And to the extent there is a choice of remedy, does the choice
belong to the passenger or the airline? More abstractly, does
the contract provide for alternative ways to perform, all
without breaching? Or does it provide for limits on liability
in broad and common classes of breaches?
    It’s telling that Southwest does not rely on Section 4(c)(4),
as my colleagues do. Instead, Southwest argues primarily
that the contract bars the consequential damages Hughes
seeks here. Appellee’s Br. at 8–9, 17. Southwest relies on the
blend of the broad force majeure language and limitation‐of‐
liability language in Section 9(a). Even for a force majeure
event, this contract does not excuse performance entirely.
Rather, a force majeure event allows Southwest to provide de‐
layed performance or a refund, and specifically bars conse‐
quential damages. Delayed performance is what Southwest
provided to Hughes. Under the blend of force majeure and
limited‐liability language, his claim was correctly dismissed.

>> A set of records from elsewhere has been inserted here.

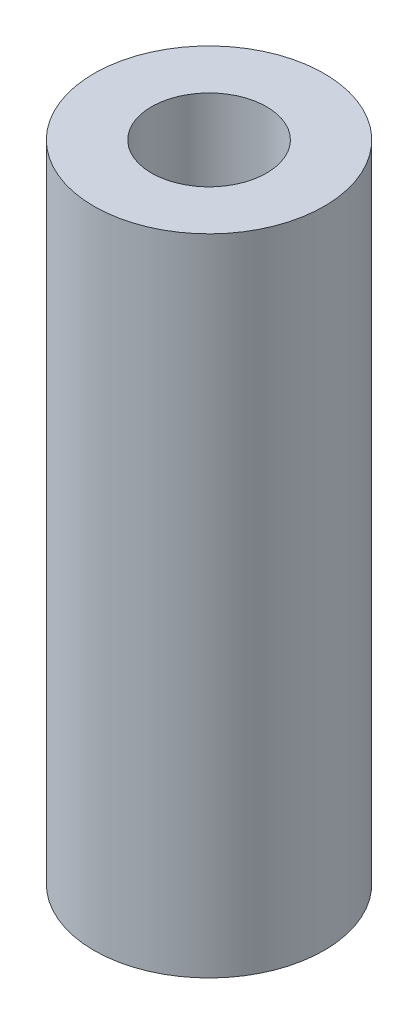
from build123d import *

# Parameters (mm, degrees)
SKETCH1_R           = 2.5
SKETCH1_R_2         = 1.25
BOSS_EXTRUDE1_DEPTH = 14


with BuildPart() as part:
    # Sketch1 → Boss-Extrude1 (new body)
    with BuildSketch(Plane(origin=(0, 0, 0), x_dir=(1, 0, 0), z_dir=(0, 1, 0))):
        with Locations(Location((0, 0, 0), (0, 0, 270))):
            Circle(SKETCH1_R)
        with Locations(Location((0, 0, 0), (0, 0, 270))):
            Circle(SKETCH1_R_2, mode=Mode.SUBTRACT)
    extrude(amount=BOSS_EXTRUDE1_DEPTH)


solid = part.part

    Looking more generally, this Southwest contract illus‐
trates a common feature in contracts: the parties anticipate
that one might fail to perform as promised, and they spell
out the consequence of such a failure. When the consequence
is a payment by the party failing to perform, the contract can
pose a question in a notoriously murky area of contract law:
the difference between alternative modes of performance
and liquidated damage clauses, seasoned in this case with
the limitation‐of‐liability language. See Stephen L. Sepinuck,
Liquidated Damages, Alternative Performance, and Ensuring the
Enforceability of Contingent Charges and Fees, 5 Transactional
Law. 3, 4 (2015) (“the distinction between liquidated damag‐
es and alternative performance is about as clear as mud”).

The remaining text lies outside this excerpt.